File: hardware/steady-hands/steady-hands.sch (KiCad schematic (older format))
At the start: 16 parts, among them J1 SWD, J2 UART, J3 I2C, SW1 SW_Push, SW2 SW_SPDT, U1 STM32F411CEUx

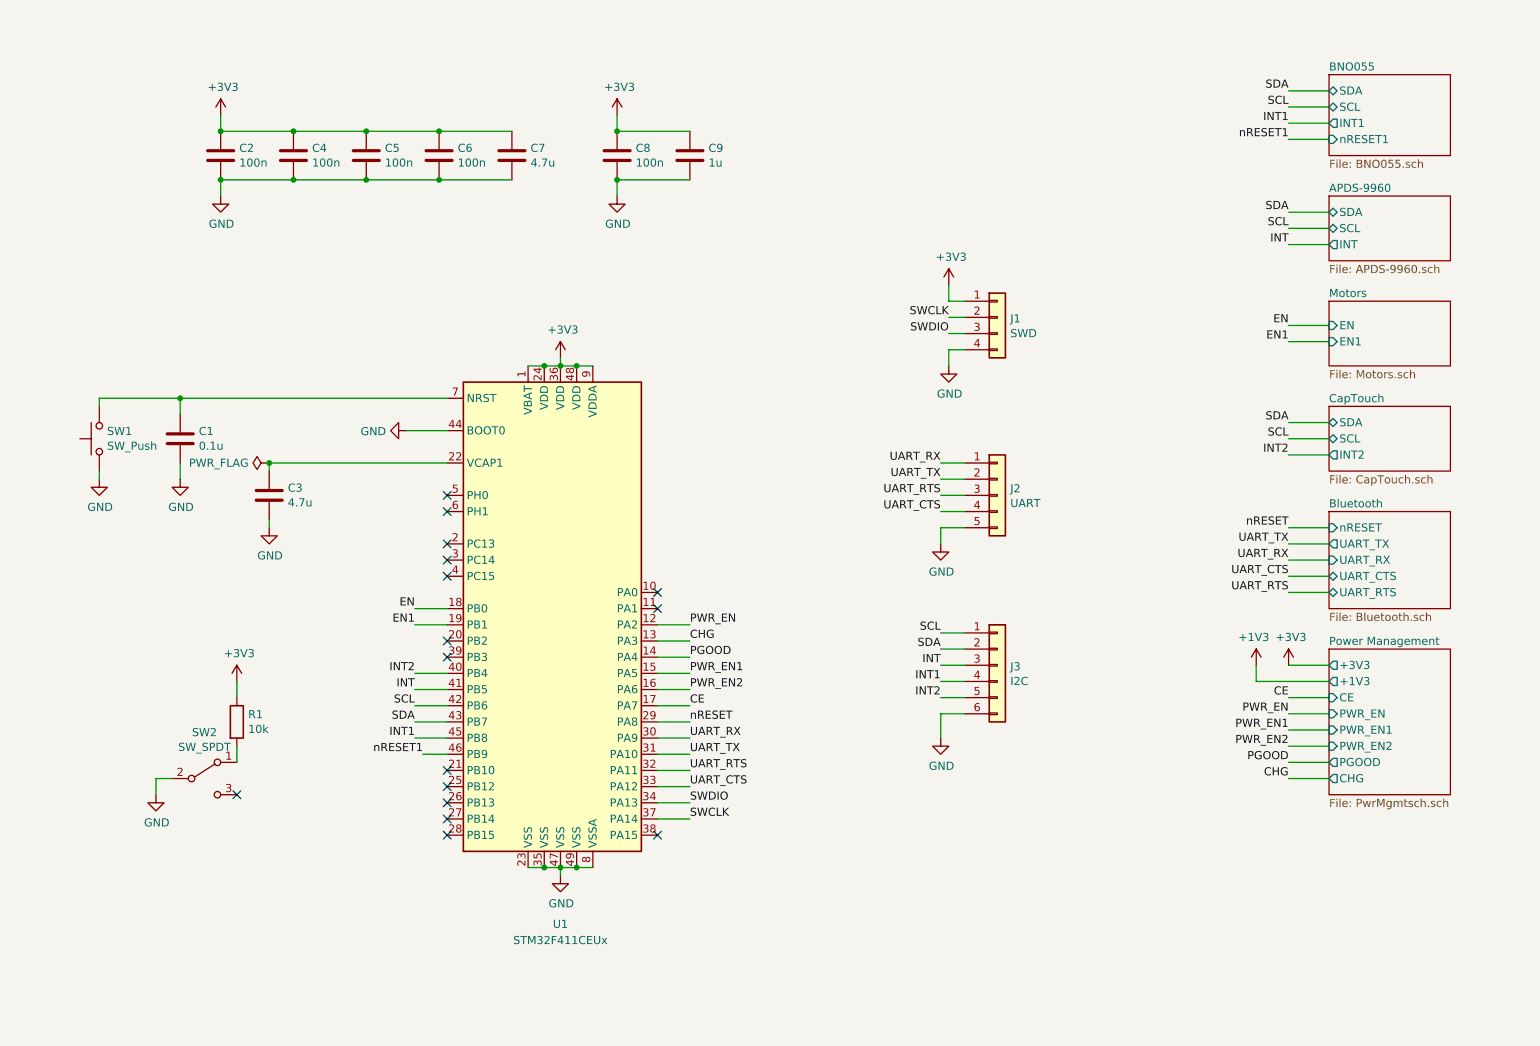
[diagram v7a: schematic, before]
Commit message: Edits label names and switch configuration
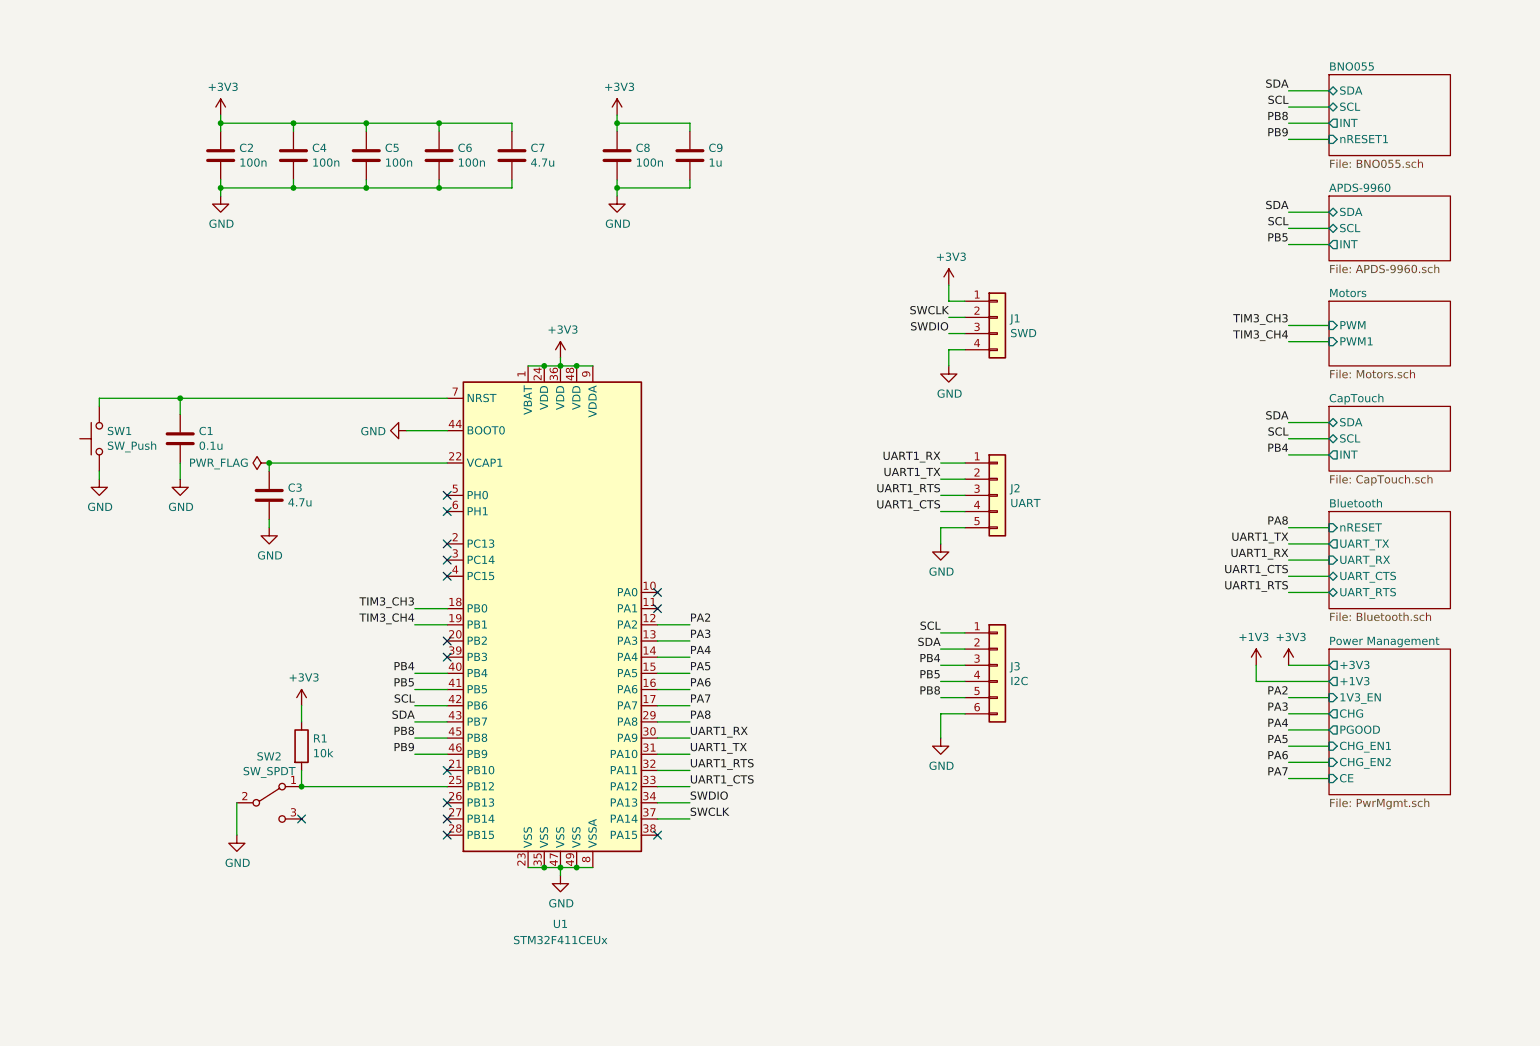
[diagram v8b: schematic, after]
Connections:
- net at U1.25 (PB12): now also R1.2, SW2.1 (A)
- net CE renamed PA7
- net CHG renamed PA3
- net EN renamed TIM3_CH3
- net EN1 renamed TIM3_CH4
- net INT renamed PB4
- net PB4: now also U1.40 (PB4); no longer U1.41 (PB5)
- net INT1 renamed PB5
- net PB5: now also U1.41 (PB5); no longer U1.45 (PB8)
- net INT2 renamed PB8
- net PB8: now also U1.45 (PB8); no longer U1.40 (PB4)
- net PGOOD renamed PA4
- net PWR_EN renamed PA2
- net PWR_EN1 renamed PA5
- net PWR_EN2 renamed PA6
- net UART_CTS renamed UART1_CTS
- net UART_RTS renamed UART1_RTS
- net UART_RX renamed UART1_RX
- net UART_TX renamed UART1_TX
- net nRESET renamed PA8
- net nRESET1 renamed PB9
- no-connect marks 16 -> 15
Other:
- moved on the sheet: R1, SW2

• • • • • • •

Assignment - Where a line of the data contains the string "diagram", include it in a count, and state that count alone.

Reply to the task - 2